81 Fun Facts About Mammals That Lay Eggs: These Will Shock You | Kidadl


81 Fun Facts About Mammals That Lay Eggs: These Will Shock You

Arts & Crafts
Learn more
Reading & Writing
Learn more
Math & Logic
Learn more
Sports & Active
Learn more
Music & Dance
Learn more
Social & Community
Learn more
Mindful & Reflective
Learn more
Outdoor & Nature
Learn more
Read these Tokyo facts to learn all about the Japanese capital.

There are only two mammals in the world that lay eggs, and both of them are from Australia.

We all know that mammals are hairy, milk-producing, warm-blooded creatures and that giving birth to live offspring is an important part of what it is to be a mammal. This is true except for monotremes, a mammal that lays eggs rather than gives birth to live offspring.

The echidna and the duck-billed platypus are the only mammals that lay eggs. This ability to lay eggs differs them from other mammals. Their egg is about the size of a grape, and the shell is thin, brittle, and leathery.

Monotremes vary from other animals in that these egg-laying mammals do not have teats and deposit eggs. Milk is released via several pores on the female's belly, which are used to feed her young. Like most other mammals, Monotremes possess hair on their body, generate milk from mammary glands to nourish their offspring, and have only one bone in their lower jaw and three middle-ear bones. Many scientists think that monotremes have essential traits that indicate an ancient origin. These fundamental retentions must be considered in any effort to verify monotreme linkages.

This is difficult because either these archaic features represent an origin distinct from that of contemporary placental and marsupial mammals, or a method must be devised to illustrate how these properties might be held by a species closely connected to animals lacking these traits.

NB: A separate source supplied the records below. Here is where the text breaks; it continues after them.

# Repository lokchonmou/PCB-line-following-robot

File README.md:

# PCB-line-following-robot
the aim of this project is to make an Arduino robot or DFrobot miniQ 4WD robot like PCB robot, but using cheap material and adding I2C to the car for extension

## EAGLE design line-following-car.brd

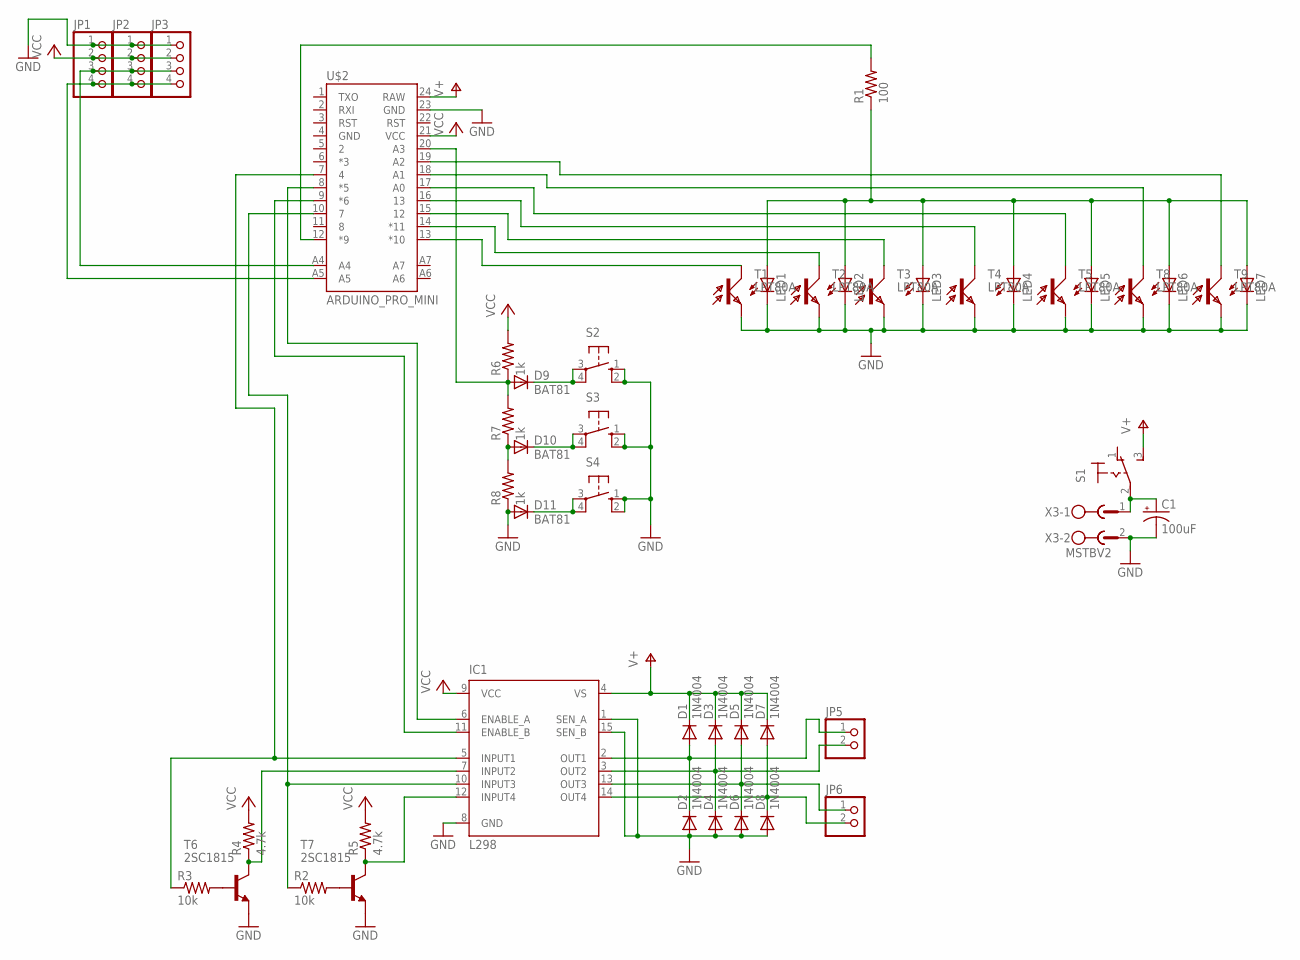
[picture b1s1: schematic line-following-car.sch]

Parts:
C1: 100uF; E2-4
D1, D2, D3, D4, D5, D6, D7, D8: 1N4004; DO41-10
D9, D10, D11: BAT81; DO34-7
IC1: L298; MULTIWATT-15
JP1, JP2, JP3: PINHD-1X4; 1X04
JP5, JP6: PINHD-1X2; 1X02
LED1, LED2, LED3, LED4, LED5, LED6, LED7: LED3MM
R1: 100; 0204/5
R2, R3: 10k; 0204/5
R4, R5: 4.7k; 0204/5
R6, R7, R8: 1k; 0207/7
S1: 320-916
S2, S3, S4: 10-XX; B3F-10XX
T1, T2, T3, T4, T5, T8, T9: LPT80A
T6, T7: 2SC1815; TO92-ECB
U$2: ARDUINO_PRO_MINI
X3: MSTBV2

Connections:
GND: C1.-, D2.A, D4.A, D6.A, D8.A, D11.A, IC1.1 (SEN_A), IC1.8 (GND), IC1.15 (SEN_B), JP1.1, JP2.1, JP3.1, LED1.K (C), LED2.K (C), LED3.K (C), LED4.K (C), LED5.K (C), LED6.K (C), LED7.K (C), R8.1, S2.1 (S), S2.2 (S1), S3.1 (S), S3.2 (S1), S4.1 (S), S4.2 (S1), T1.E, T2.E, T3.E, T4.E, T5.E, T6.E, T7.E, T8.E, T9.E, U$2.23 (GND), X3.2
unnamed: LED1.A, LED2.A, LED3.A, LED4.A, LED5.A, LED6.A, LED7.A, R1.1
unnamed: R2.2, T7.B
unnamed: R1.2, U$2.12 (*9)
unnamed: R3.2, T6.B
unnamed: T1.C, U$2.13 (*10)
unnamed: T2.C, U$2.14 (*11)
unnamed: T3.C, U$2.15 (12)
unnamed: T4.C, U$2.16 (13)
unnamed: T5.C, U$2.17 (A0)
unnamed: D1.A, D2.C, IC1.2 (OUT1), JP5.1
unnamed: IC1.7 (INPUT2), R4.1, T6.C
unnamed: IC1.12 (INPUT4), R5.1, T7.C
unnamed: D3.A, D4.C, IC1.3 (OUT2), JP5.2
unnamed: IC1.5 (INPUT1), R3.1, U$2.7 (4)
unnamed: IC1.6 (ENABLE_A), U$2.8 (*5)
unnamed: IC1.10 (INPUT3), R2.1, U$2.10 (7)
unnamed: D9.A, R6.1, R7.2, U$2.20 (A3)
unnamed: D5.A, D6.C, IC1.13 (OUT3), JP6.1
unnamed: D7.A, D8.C, IC1.14 (OUT4), JP6.2
unnamed: D10.A, R7.1, R8.2
unnamed: D9.C, S2.3, S2.4 (P1)
unnamed: JP1.4, JP2.4, JP3.4, U$2.A5
unnamed: IC1.11 (ENABLE_B), U$2.9 (*6)
unnamed: D10.C, S3.3, S3.4 (P1)
unnamed: C1.+, S1.2, X3.1
unnamed: D11.C, S4.3, S4.4 (P1)
unnamed: JP1.3, JP2.3, JP3.3, U$2.A4
unnamed: T8.C, U$2.18 (A1)
unnamed: T9.C, U$2.19 (A2)
V+: D1.C, D3.C, D5.C, D7.C, IC1.4 (VS), S1.3 (S), U$2.24 (RAW)
VCC: IC1.9 (VCC), JP1.2, JP2.2, JP3.2, R4.2, R5.2, R6.2, U$2.21 (VCC)

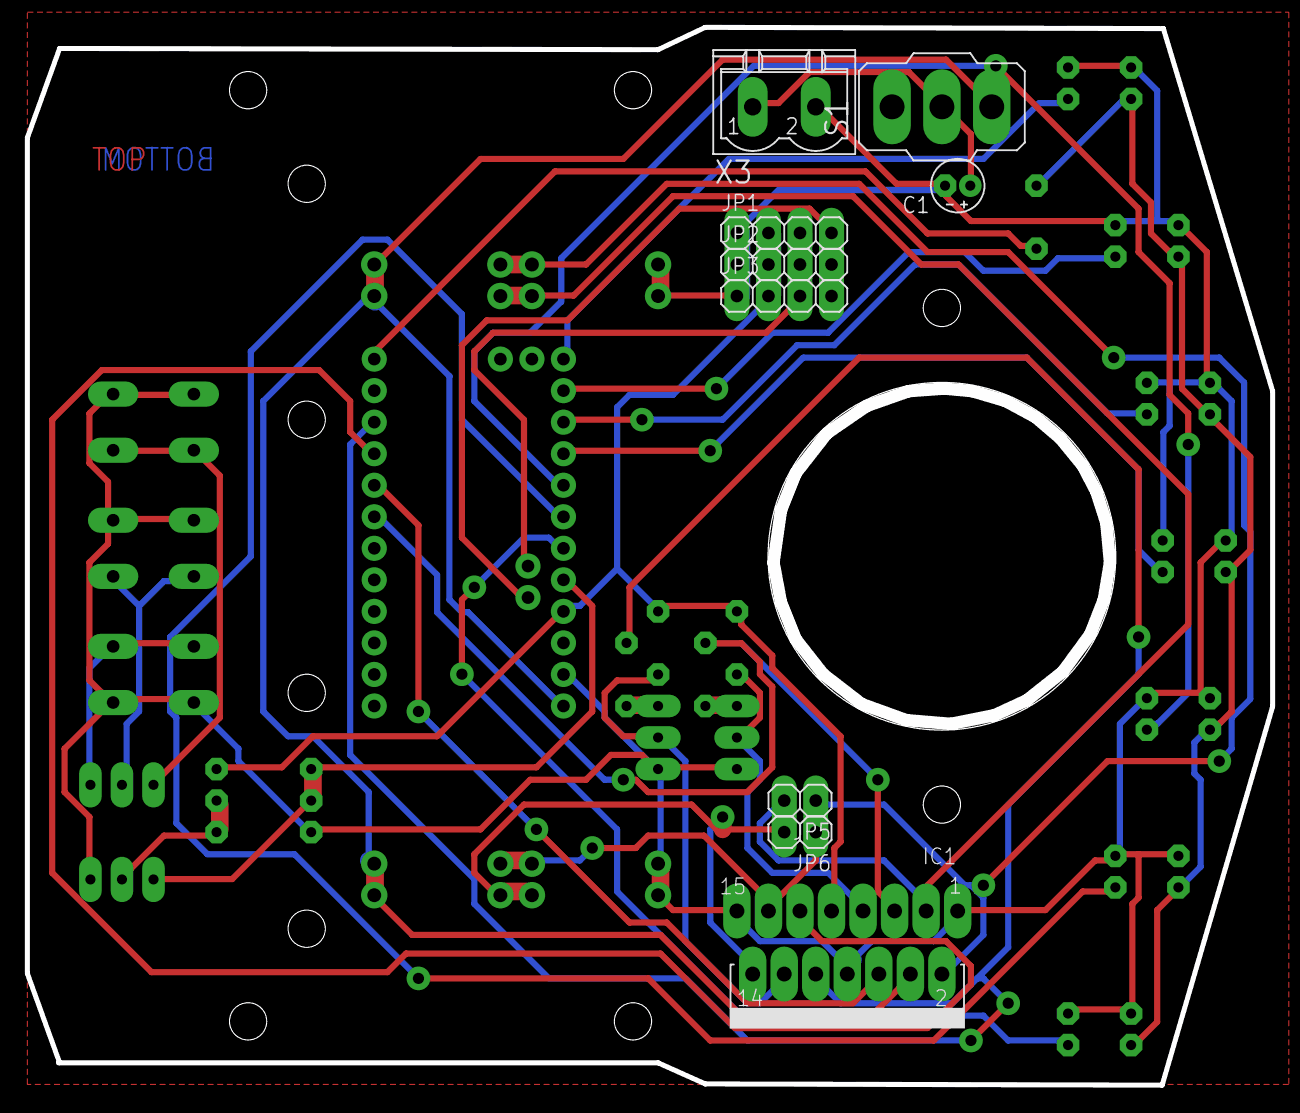
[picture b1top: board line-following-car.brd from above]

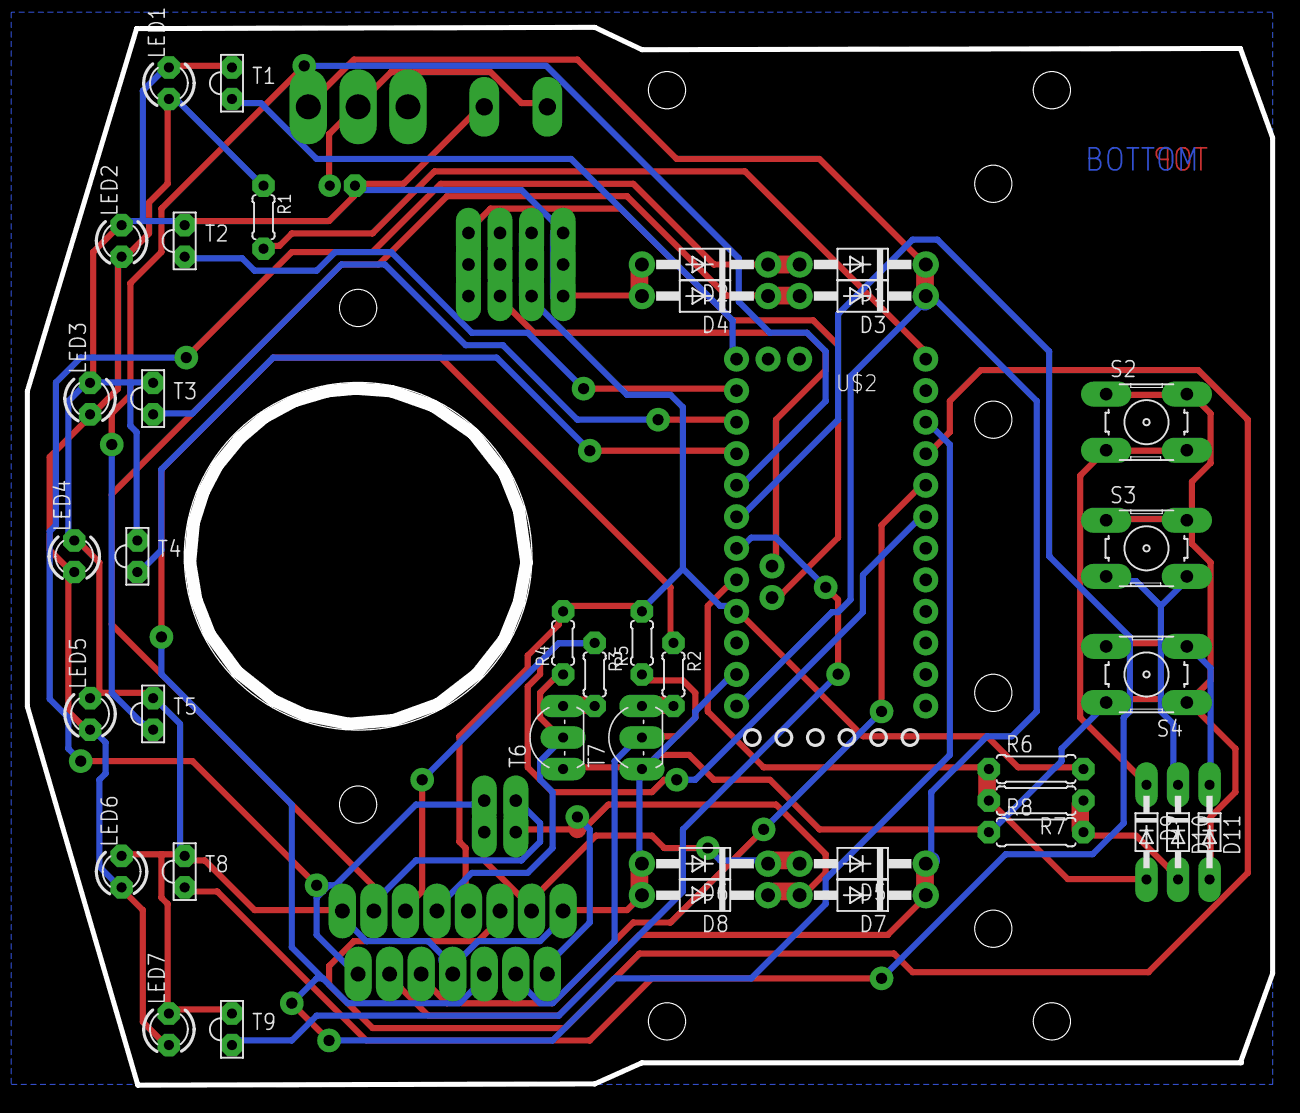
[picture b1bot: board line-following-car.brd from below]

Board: 2 copper layers, 99.7 x 84.6 mm, 48 parts (39 on the bottom side), 32 nets.

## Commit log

2015-12-18 version 1
    using Eagle light to make, double layer, DIY PCB, but the space is too
    limiting….go to make a version 2 with 2 PCB

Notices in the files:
parts and their libraries:
SparkFun-Boards_0: Licensing: Creative Commons ShareAlike 4.0 International - https://creativecommons.org/licenses/by-sa/4.0

Keep reading the remaining article to learn more about egg-laying mammals.

Afterward, also check out more interesting facts on are chickens mammals and do all mammals have hair?

Monotremes Examples

The reproduction process followed by these monotremes sets them apart from other animals on the planet. After the mating process is over, the female will lay eggs in its habitat.

After the eggs hatch and the baby is born, it feeds on the milk from its mother. This method sets these mammals apart from all other mammals in the world. Monotremes are known to be amongst the oldest living animal species of mammals on the Earth and are believed to have been evolved at least 120 million years ago. Monotremata is the oldest extant mammalian order.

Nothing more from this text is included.